WORK ORDER.
In the records below, find the line containing "CHANGE_BUTTON: BUTTON_CUSYOMV1; MYBUTTON". Restate it and all the lines after it exactly, and omit the rest.
■ ■ ■ ■
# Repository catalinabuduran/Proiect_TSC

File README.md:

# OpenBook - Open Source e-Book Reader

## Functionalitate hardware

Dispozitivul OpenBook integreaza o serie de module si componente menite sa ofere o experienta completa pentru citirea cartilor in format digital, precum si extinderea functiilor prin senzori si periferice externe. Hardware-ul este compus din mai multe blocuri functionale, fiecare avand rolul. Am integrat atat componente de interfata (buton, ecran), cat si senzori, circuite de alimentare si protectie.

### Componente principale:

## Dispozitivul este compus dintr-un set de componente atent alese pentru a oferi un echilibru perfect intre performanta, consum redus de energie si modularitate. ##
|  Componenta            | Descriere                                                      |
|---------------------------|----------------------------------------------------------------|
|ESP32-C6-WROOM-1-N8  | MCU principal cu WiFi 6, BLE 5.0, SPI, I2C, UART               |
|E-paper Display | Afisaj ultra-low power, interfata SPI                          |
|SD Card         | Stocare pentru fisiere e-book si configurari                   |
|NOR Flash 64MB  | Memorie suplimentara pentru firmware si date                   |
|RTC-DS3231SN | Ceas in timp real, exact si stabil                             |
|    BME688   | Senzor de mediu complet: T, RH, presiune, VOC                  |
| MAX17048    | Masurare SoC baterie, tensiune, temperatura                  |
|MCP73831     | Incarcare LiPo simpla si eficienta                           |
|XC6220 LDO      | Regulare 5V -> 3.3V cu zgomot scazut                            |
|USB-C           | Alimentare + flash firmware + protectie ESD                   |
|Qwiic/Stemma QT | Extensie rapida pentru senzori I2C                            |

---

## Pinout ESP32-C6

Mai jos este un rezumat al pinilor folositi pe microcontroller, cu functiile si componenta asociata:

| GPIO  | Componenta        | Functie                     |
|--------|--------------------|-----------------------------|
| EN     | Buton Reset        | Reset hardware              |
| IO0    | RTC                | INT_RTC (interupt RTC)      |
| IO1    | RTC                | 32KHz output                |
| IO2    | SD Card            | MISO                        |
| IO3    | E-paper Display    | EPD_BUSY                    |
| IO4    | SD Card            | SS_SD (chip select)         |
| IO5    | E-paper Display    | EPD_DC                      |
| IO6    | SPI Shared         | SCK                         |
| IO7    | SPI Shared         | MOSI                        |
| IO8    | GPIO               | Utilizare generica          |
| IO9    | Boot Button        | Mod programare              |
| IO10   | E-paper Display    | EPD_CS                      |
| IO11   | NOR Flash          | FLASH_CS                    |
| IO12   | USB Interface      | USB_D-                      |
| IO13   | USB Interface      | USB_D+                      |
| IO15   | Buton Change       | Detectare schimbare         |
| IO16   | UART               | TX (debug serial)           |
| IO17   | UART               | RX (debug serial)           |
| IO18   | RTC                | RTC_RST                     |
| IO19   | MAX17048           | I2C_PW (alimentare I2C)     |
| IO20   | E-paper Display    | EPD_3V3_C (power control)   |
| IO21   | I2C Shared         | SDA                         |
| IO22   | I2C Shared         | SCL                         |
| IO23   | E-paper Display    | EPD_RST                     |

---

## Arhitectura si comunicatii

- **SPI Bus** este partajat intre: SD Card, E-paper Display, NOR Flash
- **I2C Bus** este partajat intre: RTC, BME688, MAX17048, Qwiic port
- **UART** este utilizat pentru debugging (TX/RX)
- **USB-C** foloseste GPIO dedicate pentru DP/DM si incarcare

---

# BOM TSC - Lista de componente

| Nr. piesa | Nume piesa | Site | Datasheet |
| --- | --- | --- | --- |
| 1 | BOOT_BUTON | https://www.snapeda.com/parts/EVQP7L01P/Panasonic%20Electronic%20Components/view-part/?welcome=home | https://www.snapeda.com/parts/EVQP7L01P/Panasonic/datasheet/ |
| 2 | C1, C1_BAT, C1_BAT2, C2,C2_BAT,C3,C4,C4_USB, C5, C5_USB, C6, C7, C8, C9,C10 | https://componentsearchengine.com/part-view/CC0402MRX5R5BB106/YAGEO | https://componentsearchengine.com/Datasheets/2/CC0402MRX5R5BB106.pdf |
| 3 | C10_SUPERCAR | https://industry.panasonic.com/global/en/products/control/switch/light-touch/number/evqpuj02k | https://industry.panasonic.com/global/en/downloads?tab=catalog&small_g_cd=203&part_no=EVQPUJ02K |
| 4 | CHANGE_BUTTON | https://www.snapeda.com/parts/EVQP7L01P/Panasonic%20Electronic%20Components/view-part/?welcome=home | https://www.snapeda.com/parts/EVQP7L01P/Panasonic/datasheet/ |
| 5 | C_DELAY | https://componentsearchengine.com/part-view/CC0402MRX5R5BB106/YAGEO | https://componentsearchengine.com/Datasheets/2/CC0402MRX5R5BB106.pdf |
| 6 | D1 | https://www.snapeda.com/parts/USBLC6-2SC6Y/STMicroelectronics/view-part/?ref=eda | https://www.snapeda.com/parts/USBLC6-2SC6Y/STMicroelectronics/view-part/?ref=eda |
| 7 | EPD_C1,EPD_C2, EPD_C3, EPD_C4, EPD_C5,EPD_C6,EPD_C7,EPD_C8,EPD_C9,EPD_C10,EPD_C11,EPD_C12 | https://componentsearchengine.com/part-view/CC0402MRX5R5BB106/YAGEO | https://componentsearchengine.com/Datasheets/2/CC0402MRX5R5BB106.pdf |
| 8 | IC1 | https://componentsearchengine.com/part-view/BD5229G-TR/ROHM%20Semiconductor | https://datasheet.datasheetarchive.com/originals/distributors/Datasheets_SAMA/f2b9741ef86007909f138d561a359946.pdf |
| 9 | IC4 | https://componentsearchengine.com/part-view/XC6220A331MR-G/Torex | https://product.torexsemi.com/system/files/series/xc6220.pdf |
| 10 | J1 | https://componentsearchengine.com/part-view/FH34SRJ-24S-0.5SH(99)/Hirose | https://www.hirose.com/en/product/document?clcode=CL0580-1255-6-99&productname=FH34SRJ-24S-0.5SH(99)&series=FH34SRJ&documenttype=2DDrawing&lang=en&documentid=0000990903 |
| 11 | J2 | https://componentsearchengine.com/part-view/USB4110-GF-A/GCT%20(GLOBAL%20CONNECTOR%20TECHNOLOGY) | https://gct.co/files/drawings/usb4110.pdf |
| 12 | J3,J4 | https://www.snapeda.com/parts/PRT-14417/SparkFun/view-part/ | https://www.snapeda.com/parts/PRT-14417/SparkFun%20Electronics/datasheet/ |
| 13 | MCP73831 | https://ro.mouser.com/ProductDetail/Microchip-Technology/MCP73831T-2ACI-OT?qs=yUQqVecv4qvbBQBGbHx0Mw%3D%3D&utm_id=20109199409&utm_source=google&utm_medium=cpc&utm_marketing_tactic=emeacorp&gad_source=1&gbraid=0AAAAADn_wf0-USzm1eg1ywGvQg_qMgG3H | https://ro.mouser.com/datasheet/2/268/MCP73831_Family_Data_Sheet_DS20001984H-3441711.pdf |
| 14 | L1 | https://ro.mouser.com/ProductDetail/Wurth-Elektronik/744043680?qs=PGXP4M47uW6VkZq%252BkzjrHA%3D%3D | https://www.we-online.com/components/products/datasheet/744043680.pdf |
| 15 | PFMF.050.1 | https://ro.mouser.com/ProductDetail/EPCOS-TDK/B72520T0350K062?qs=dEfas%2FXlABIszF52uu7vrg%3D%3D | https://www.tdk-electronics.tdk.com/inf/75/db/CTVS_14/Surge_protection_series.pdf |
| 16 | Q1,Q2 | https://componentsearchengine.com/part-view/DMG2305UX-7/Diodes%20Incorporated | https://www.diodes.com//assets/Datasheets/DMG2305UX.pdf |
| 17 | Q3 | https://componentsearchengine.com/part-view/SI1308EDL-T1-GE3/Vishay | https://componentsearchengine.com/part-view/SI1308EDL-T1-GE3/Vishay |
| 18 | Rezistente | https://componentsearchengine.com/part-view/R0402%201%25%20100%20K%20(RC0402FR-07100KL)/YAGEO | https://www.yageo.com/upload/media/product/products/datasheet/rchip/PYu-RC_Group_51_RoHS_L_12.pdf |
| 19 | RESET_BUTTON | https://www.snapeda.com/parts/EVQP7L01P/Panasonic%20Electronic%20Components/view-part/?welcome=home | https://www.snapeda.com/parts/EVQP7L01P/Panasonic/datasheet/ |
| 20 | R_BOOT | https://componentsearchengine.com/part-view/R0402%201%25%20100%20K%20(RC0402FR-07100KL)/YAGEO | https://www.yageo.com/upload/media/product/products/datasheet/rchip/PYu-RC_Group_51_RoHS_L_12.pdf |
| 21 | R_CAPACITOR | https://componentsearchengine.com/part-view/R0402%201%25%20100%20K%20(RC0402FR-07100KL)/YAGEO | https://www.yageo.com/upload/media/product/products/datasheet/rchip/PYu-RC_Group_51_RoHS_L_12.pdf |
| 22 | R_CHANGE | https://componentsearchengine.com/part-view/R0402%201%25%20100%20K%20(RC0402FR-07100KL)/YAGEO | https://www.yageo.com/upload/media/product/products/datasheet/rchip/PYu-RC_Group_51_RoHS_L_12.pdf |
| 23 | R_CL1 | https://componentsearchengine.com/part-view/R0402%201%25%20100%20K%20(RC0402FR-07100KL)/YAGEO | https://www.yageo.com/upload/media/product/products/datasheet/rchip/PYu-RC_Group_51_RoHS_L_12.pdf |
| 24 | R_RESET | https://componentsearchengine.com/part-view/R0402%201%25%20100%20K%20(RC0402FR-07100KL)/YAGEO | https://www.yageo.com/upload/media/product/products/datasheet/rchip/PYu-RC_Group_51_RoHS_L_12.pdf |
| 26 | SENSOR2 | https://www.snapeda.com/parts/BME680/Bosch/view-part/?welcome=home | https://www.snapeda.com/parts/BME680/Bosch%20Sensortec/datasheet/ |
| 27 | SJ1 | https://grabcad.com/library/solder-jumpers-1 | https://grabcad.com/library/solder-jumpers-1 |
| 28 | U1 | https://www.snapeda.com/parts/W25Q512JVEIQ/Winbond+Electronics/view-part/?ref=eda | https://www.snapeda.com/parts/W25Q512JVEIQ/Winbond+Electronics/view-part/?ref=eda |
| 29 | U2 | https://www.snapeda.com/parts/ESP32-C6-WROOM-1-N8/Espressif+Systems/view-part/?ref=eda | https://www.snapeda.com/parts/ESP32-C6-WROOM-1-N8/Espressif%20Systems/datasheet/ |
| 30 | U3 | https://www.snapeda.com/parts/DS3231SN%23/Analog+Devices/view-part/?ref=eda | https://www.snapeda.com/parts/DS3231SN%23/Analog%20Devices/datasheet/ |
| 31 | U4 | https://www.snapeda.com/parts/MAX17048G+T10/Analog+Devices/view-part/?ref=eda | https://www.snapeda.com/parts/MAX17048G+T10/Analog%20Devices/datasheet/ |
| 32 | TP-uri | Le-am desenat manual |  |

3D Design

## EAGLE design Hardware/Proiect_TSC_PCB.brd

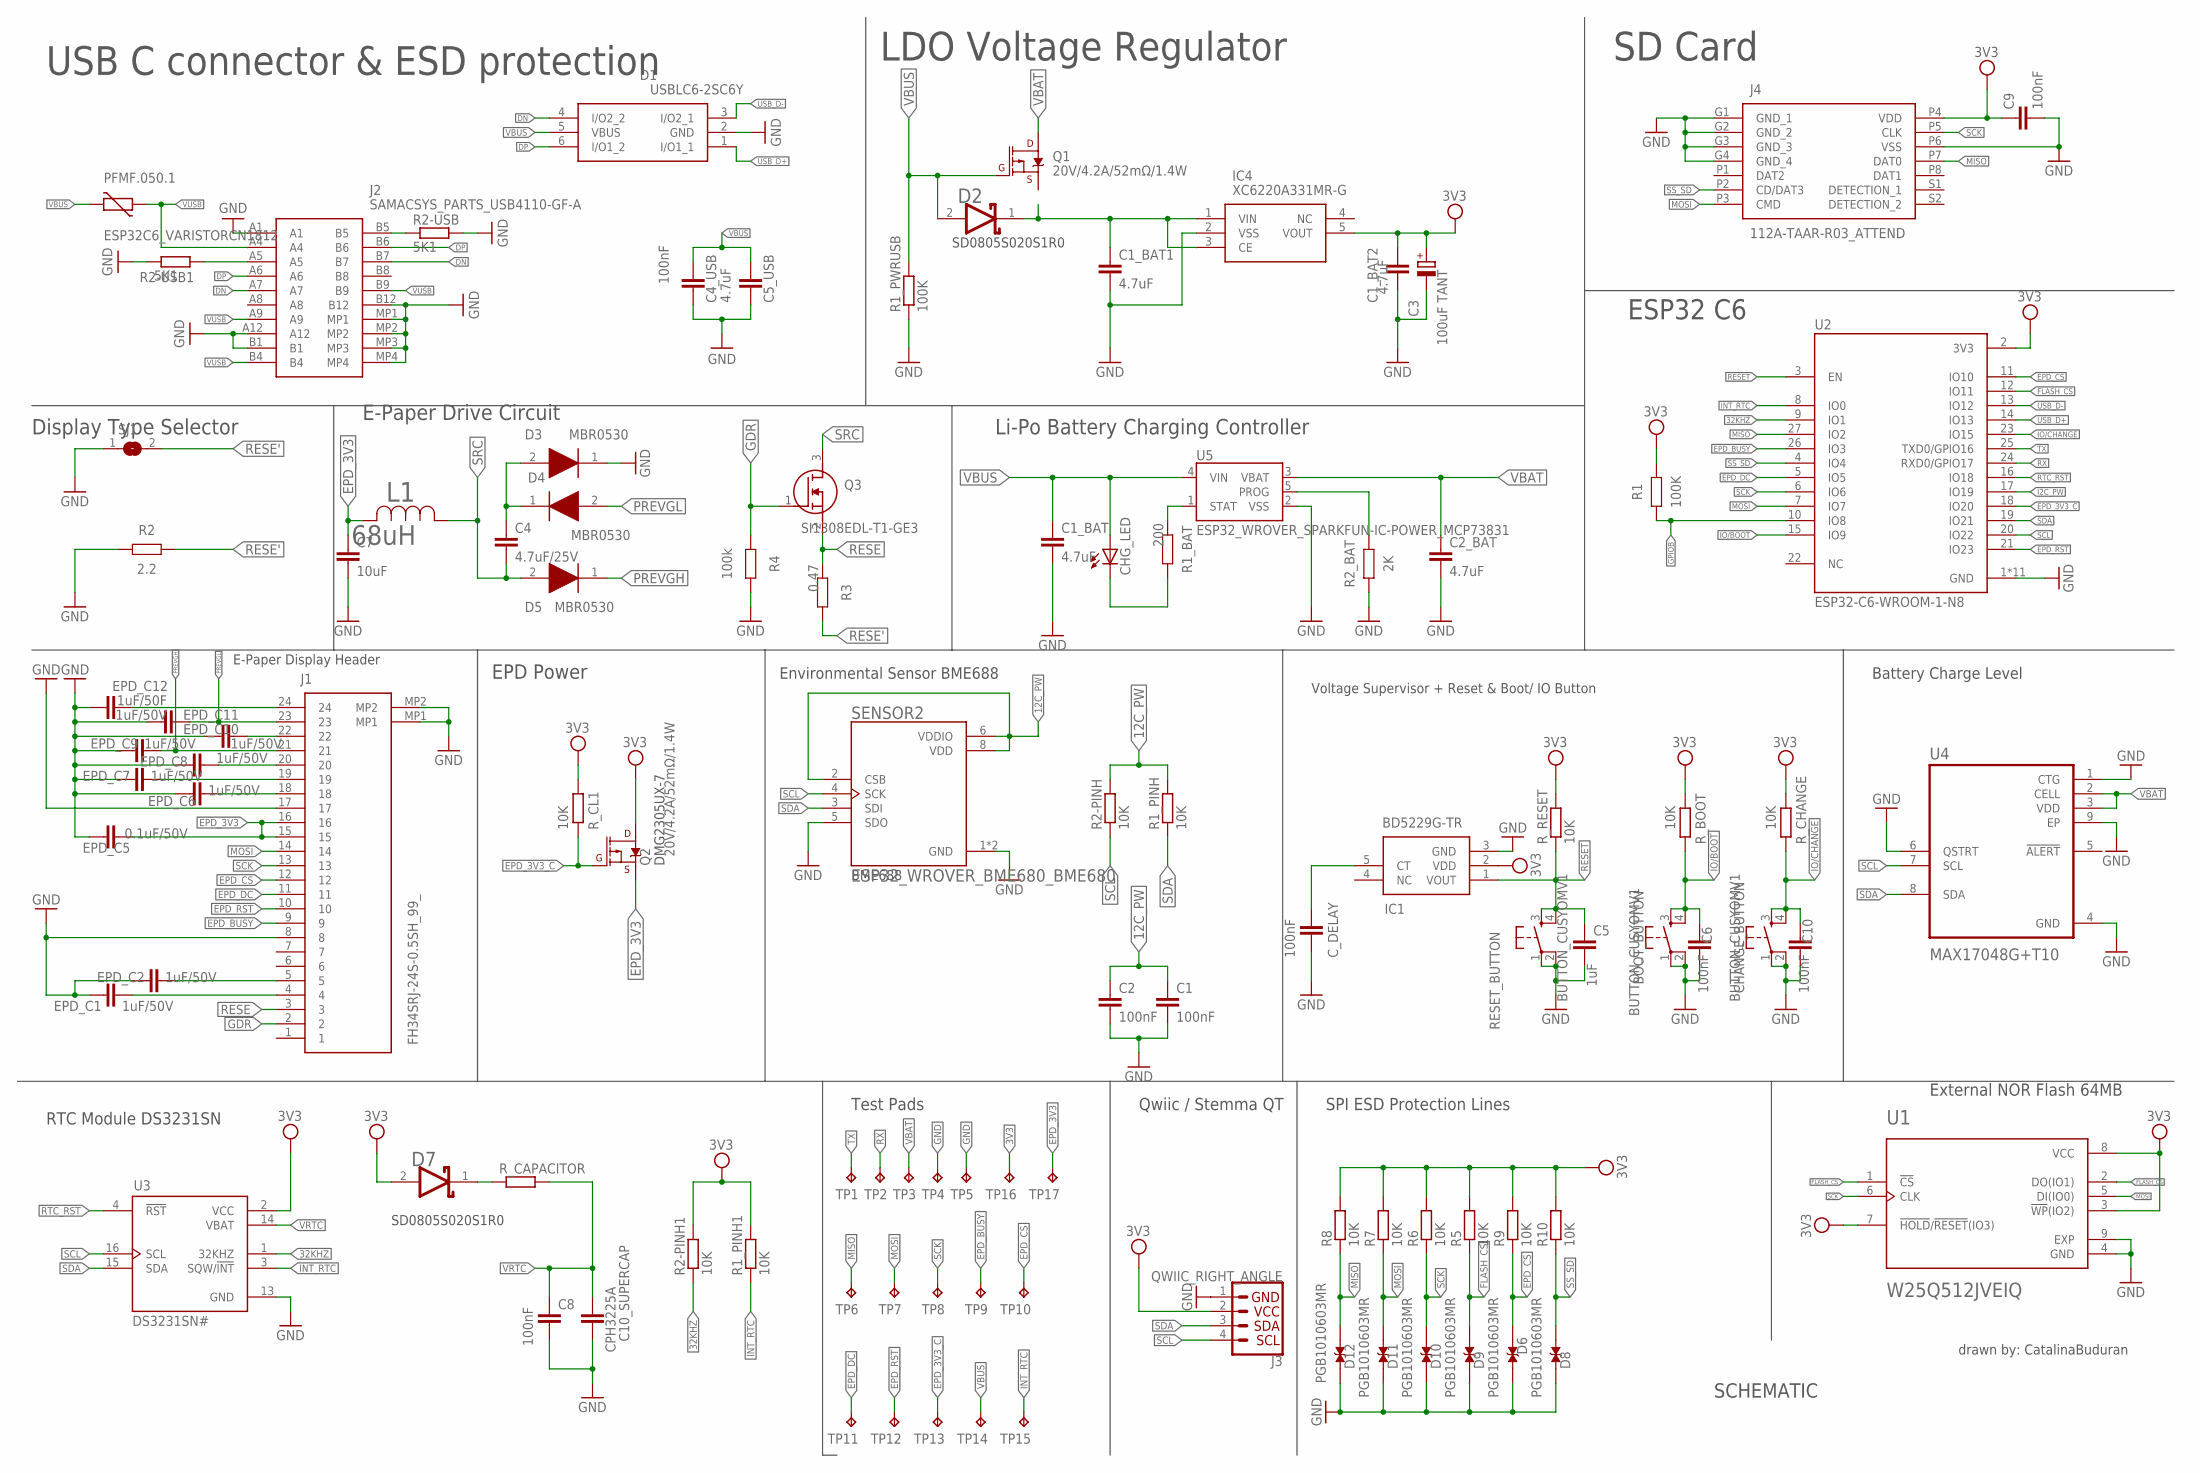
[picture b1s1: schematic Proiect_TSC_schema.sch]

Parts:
BOOT_BUTTON: BUTTON_CUSYOMV1; MYBUTTON
C1, C2, C4_USB, C6, C9, C10: 100nF; ESP32_WROVER_EAGLE-LTSPICE_C0402
C1_BAT, C1_BAT1, C1_BAT2, C2_BAT, C5_USB: 4.7uF; ESP32_WROVER_EAGLE-LTSPICE_C0402
C3: 100uF TANT; RCL_CT3528
C4: 4.7uF/25V; ESP32_WROVER_EAGLE-LTSPICE_C0402
C5: 1uF; EAGLE-LTSPICE_C0402
C7: 10uF; ESP32_WROVER_EAGLE-LTSPICE_C0402
C8: 100nF; EAGLE-LTSPICE_C0402
C10_SUPERCAP: CPH3225A; EAGLE-LTSPICE_C0402
CHANGE_BUTTON: BUTTON_CUSYOMV1; MYBUTTON
CHG_LED: ADAFRUIT_LEDCHIP-LED0603; ADAFRUIT_CHIP-LED0603
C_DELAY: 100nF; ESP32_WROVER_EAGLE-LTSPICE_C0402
■ ■ ■ ■
YOUR RESPONSE.
CHANGE_BUTTON: BUTTON_CUSYOMV1; MYBUTTON
CHG_LED: ADAFRUIT_LEDCHIP-LED0603; ADAFRUIT_CHIP-LED0603
C_DELAY: 100nF; ESP32_WROVER_EAGLE-LTSPICE_C0402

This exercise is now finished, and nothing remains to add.